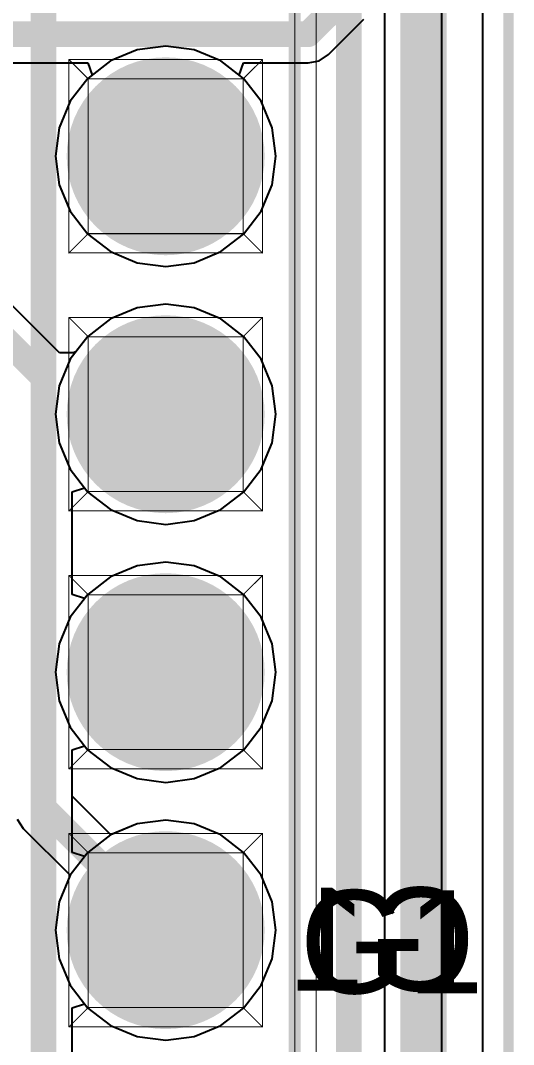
# Model space of a CAD drawing. Header units: millimetres. Extents: x 307 to 423, y 231 to 400.
# Drawn here: x 404.1 to 408.95, y 267.69 to 277.78 of the extents above; entities that cross this region are included whole.
import ezdxf

# ---------------------------------------------------------------- set-up
doc = ezdxf.new("R2010")
doc.units = ezdxf.units.MM
for name, color, linetype in [('BottomLayer', 5, 'Continuous'), ('BottomOverlay', 54, 'Continuous'), ('BottomSolder', 6, 'Continuous'), ('Mechanical1', 6, 'Continuous'), ('Mechanical14', 56, 'Continuous'), ('Mechanical16', 56, 'Continuous'), ('MidLayer1', 16, 'Continuous'), ('MidLayer2', 76, 'Continuous'), ('MultiLayer', 9, 'Continuous'), ('PadHoleLayer', 156, 'Continuous'), ('TopLayer', 1, 'Continuous'), ('TopOverlay', 2, 'Continuous'), ('TopSolder', 216, 'Continuous')]:
    doc.layers.add(name, color=color, linetype=linetype)

# ---------------------------------------------------------------- blocks, each defined once
blk = doc.blocks.new('CON_SAMTEC_TSW_135_07_X_D_467')
at = {"layer": 'BottomLayer', "const_width": 0.925}
for points in [[(12.238, 1.27, 1), (13.162, 1.27, 1)], [(14.778, 1.27, 1), (15.702, 1.27, 1)], [(17.318, 1.27, 1), (18.242, 1.27, 1)], [(19.858, 1.27, 1), (20.782, 1.27, 1)]]:
    blk.add_lwpolyline(points, format="xyb", close=True, dxfattribs=at)
at = {"layer": 'BottomSolder', "const_width": 0.975}
for points in [[(12.213, 1.27, 1), (13.187, 1.27, 1)], [(14.753, 1.27, 1), (15.727, 1.27, 1)], [(17.293, 1.27, 1), (18.267, 1.27, 1)], [(19.833, 1.27, 1), (20.807, 1.27, 1)]]:
    blk.add_lwpolyline(points, format="xyb", close=True, dxfattribs=at)
at = {"layer": 'Mechanical14', "const_width": 0.01}
for points in [[(44.45, 2.54), (-44.45, 2.54)], [(11.748, 0.318), (11.748, 2.223)], [(13.652, 2.223), (11.748, 2.223)], [(11.938, 2.032), (11.748, 2.223)], [(13.462, 2.032), (13.652, 2.223)], [(13.652, 0.318), (13.652, 2.223)], [(14.287, 0.318), (14.287, 2.223)], [(16.192, 2.223), (14.287, 2.223)], [(14.478, 2.032), (14.287, 2.223)], [(16.002, 2.032), (16.192, 2.223)], [(16.192, 0.318), (16.192, 2.223)], [(16.828, 0.318), (16.828, 2.223)], [(18.733, 2.223), (16.828, 2.223)], [(17.018, 2.032), (16.828, 2.223)], [(18.542, 2.032), (18.733, 2.223)], [(18.733, 0.318), (18.733, 2.223)], [(19.367, 0.318), (19.367, 2.223)], [(19.558, 2.032), (19.367, 2.223)], [(21.273, 2.223), (19.367, 2.223)], [(21.082, 2.032), (21.273, 2.223)], [(21.273, 0.318), (21.273, 2.223)], [(13.462, 2.032), (11.938, 2.032)], [(11.938, 0.508), (11.938, 2.032)], [(13.462, 0.508), (13.462, 2.032)], [(14.478, 0.508), (14.478, 2.032)], [(16.002, 2.032), (14.478, 2.032)], [(16.002, 0.508), (16.002, 2.032)], [(17.018, 0.508), (17.018, 2.032)], [(18.542, 2.032), (17.018, 2.032)], [(18.542, 0.508), (18.542, 2.032)], [(19.558, 0.508), (19.558, 2.032)], [(21.082, 2.032), (19.558, 2.032)], [(21.082, 0.508), (21.082, 2.032)], [(11.748, 0.318), (11.938, 0.508)], [(13.462, 0.508), (11.938, 0.508)], [(13.652, 0.318), (13.462, 0.508)], [(14.287, 0.318), (14.478, 0.508)], [(16.002, 0.508), (14.478, 0.508)], [(16.192, 0.318), (16.002, 0.508)], [(16.828, 0.318), (17.018, 0.508)], [(18.542, 0.508), (17.018, 0.508)], [(18.733, 0.318), (18.542, 0.508)], [(19.367, 0.318), (19.558, 0.508)], [(21.082, 0.508), (19.558, 0.508)], [(21.273, 0.318), (21.082, 0.508)], [(13.652, 0.318), (11.748, 0.318)], [(16.192, 0.318), (14.287, 0.318)], [(18.733, 0.318), (16.828, 0.318)], [(21.273, 0.318), (19.367, 0.318)]]:
    blk.add_lwpolyline(points, dxfattribs=at)
at = {"layer": 'Mechanical14', "const_width": 0.005}
for points in [[(11.745, 2.223, 1), (11.75, 2.223, 1)], [(11.745, 2.223, 1), (11.75, 2.223, 1)], [(11.745, 2.223, 1), (11.75, 2.223, 1)], [(13.65, 2.223, 1), (13.655, 2.223, 1)], [(13.65, 2.223, 1), (13.655, 2.223, 1)], [(13.65, 2.223, 1), (13.655, 2.223, 1)], [(14.285, 2.223, 1), (14.29, 2.223, 1)], [(14.285, 2.223, 1), (14.29, 2.223, 1)], [(14.285, 2.223, 1), (14.29, 2.223, 1)], [(16.19, 2.223, 1), (16.195, 2.223, 1)], [(16.19, 2.223, 1), (16.195, 2.223, 1)], [(16.19, 2.223, 1), (16.195, 2.223, 1)], [(16.825, 2.223, 1), (16.83, 2.223, 1)], [(16.825, 2.223, 1), (16.83, 2.223, 1)], [(16.825, 2.223, 1), (16.83, 2.223, 1)], [(18.73, 2.223, 1), (18.735, 2.223, 1)], [(18.73, 2.223, 1), (18.735, 2.223, 1)], [(18.73, 2.223, 1), (18.735, 2.223, 1)], [(19.365, 2.223, 1), (19.37, 2.223, 1)], [(19.365, 2.223, 1), (19.37, 2.223, 1)], [(19.365, 2.223, 1), (19.37, 2.223, 1)], [(21.27, 2.223, 1), (21.275, 2.223, 1)], [(21.27, 2.223, 1), (21.275, 2.223, 1)], [(21.27, 2.223, 1), (21.275, 2.223, 1)], [(11.936, 2.032, 1), (11.94, 2.032, 1)], [(11.936, 2.032, 1), (11.94, 2.032, 1)], [(11.936, 2.032, 1), (11.94, 2.032, 1)], [(13.46, 2.032, 1), (13.464, 2.032, 1)], [(13.46, 2.032, 1), (13.464, 2.032, 1)], [(13.46, 2.032, 1), (13.464, 2.032, 1)], [(14.476, 2.032, 1), (14.48, 2.032, 1)], [(14.476, 2.032, 1), (14.48, 2.032, 1)], [(14.476, 2.032, 1), (14.48, 2.032, 1)], [(16, 2.032, 1), (16.004, 2.032, 1)], [(16, 2.032, 1), (16.004, 2.032, 1)], [(16, 2.032, 1), (16.004, 2.032, 1)], [(17.016, 2.032, 1), (17.02, 2.032, 1)], [(17.016, 2.032, 1), (17.02, 2.032, 1)], [(17.016, 2.032, 1), (17.02, 2.032, 1)], [(18.54, 2.032, 1), (18.544, 2.032, 1)], [(18.54, 2.032, 1), (18.544, 2.032, 1)], [(18.54, 2.032, 1), (18.544, 2.032, 1)], [(19.556, 2.032, 1), (19.56, 2.032, 1)], [(19.556, 2.032, 1), (19.56, 2.032, 1)], [(19.556, 2.032, 1), (19.56, 2.032, 1)], [(21.08, 2.032, 1), (21.084, 2.032, 1)], [(21.08, 2.032, 1), (21.084, 2.032, 1)], [(21.08, 2.032, 1), (21.084, 2.032, 1)], [(11.936, 0.508, 1), (11.94, 0.508, 1)], [(11.936, 0.508, 1), (11.94, 0.508, 1)], [(11.936, 0.508, 1), (11.94, 0.508, 1)], [(13.46, 0.508, 1), (13.464, 0.508, 1)], [(13.46, 0.508, 1), (13.464, 0.508, 1)], [(13.46, 0.508, 1), (13.464, 0.508, 1)], [(14.476, 0.508, 1), (14.48, 0.508, 1)], [(14.476, 0.508, 1), (14.48, 0.508, 1)], [(14.476, 0.508, 1), (14.48, 0.508, 1)], [(16, 0.508, 1), (16.004, 0.508, 1)], [(16, 0.508, 1), (16.004, 0.508, 1)], [(16, 0.508, 1), (16.004, 0.508, 1)], [(17.016, 0.508, 1), (17.02, 0.508, 1)], [(17.016, 0.508, 1), (17.02, 0.508, 1)], [(17.016, 0.508, 1), (17.02, 0.508, 1)], [(18.54, 0.508, 1), (18.544, 0.508, 1)], [(18.54, 0.508, 1), (18.544, 0.508, 1)], [(18.54, 0.508, 1), (18.544, 0.508, 1)], [(19.556, 0.508, 1), (19.56, 0.508, 1)], [(19.556, 0.508, 1), (19.56, 0.508, 1)], [(19.556, 0.508, 1), (19.56, 0.508, 1)], [(21.08, 0.508, 1), (21.084, 0.508, 1)], [(21.08, 0.508, 1), (21.084, 0.508, 1)], [(21.08, 0.508, 1), (21.084, 0.508, 1)], [(11.745, 0.318, 1), (11.75, 0.318, 1)], [(11.745, 0.318, 1), (11.75, 0.318, 1)], [(11.745, 0.318, 1), (11.75, 0.318, 1)], [(13.65, 0.318, 1), (13.655, 0.318, 1)], [(13.65, 0.318, 1), (13.655, 0.318, 1)], [(13.65, 0.318, 1), (13.655, 0.318, 1)], [(14.285, 0.318, 1), (14.29, 0.318, 1)], [(14.285, 0.318, 1), (14.29, 0.318, 1)], [(14.285, 0.318, 1), (14.29, 0.318, 1)], [(16.19, 0.318, 1), (16.195, 0.318, 1)], [(16.19, 0.318, 1), (16.195, 0.318, 1)], [(16.19, 0.318, 1), (16.195, 0.318, 1)], [(16.825, 0.318, 1), (16.83, 0.318, 1)], [(16.825, 0.318, 1), (16.83, 0.318, 1)], [(16.825, 0.318, 1), (16.83, 0.318, 1)], [(18.73, 0.318, 1), (18.735, 0.318, 1)], [(18.73, 0.318, 1), (18.735, 0.318, 1)], [(18.73, 0.318, 1), (18.735, 0.318, 1)], [(19.365, 0.318, 1), (19.37, 0.318, 1)], [(19.365, 0.318, 1), (19.37, 0.318, 1)], [(19.365, 0.318, 1), (19.37, 0.318, 1)], [(21.27, 0.318, 1), (21.275, 0.318, 1)], [(21.27, 0.318, 1), (21.275, 0.318, 1)], [(21.27, 0.318, 1), (21.275, 0.318, 1)]]:
    blk.add_lwpolyline(points, format="xyb", close=True, dxfattribs=at)
at = {"layer": 'Mechanical16', "const_width": 0.01}
blk.add_lwpolyline([(44.67, 2.75), (-44.67, 2.75)], dxfattribs=at)
at = {"layer": 'MidLayer1', "const_width": 0.925}
for points in [[(12.238, 1.27, 1), (13.162, 1.27, 1)], [(14.778, 1.27, 1), (15.702, 1.27, 1)], [(17.318, 1.27, 1), (18.242, 1.27, 1)], [(19.858, 1.27, 1), (20.782, 1.27, 1)]]:
    blk.add_lwpolyline(points, format="xyb", close=True, dxfattribs=at)
at = {"layer": 'MidLayer2', "const_width": 0.925}
for points in [[(12.238, 1.27, 1), (13.162, 1.27, 1)], [(14.778, 1.27, 1), (15.702, 1.27, 1)], [(17.318, 1.27, 1), (18.242, 1.27, 1)], [(19.858, 1.27, 1), (20.782, 1.27, 1)]]:
    blk.add_lwpolyline(points, format="xyb", close=True, dxfattribs=at)
at = {"layer": 'MultiLayer', "const_width": 0.925}
for points in [[(12.238, 1.27, 1), (13.162, 1.27, 1)], [(14.778, 1.27, 1), (15.702, 1.27, 1)], [(17.318, 1.27, 1), (18.242, 1.27, 1)], [(19.858, 1.27, 1), (20.782, 1.27, 1)]]:
    blk.add_lwpolyline(points, format="xyb", close=True, dxfattribs=at)
at = {"layer": 'PadHoleLayer', "const_width": 0.5}
for points in [[(12.45, 1.27, 1), (12.95, 1.27, 1)], [(14.99, 1.27, 1), (15.49, 1.27, 1)], [(17.53, 1.27, 1), (18.03, 1.27, 1)], [(20.07, 1.27, 1), (20.57, 1.27, 1)]]:
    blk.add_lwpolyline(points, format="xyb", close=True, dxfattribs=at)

__YOUR GOAL__: Copy out each line of the records where the string "blocks" appears.

__ANSWER AREA__:
# ---------------------------------------------------------------- blocks, each defined once
blk = doc.blocks.new('CON_SAMTEC_TSW_135_07_X_D_467')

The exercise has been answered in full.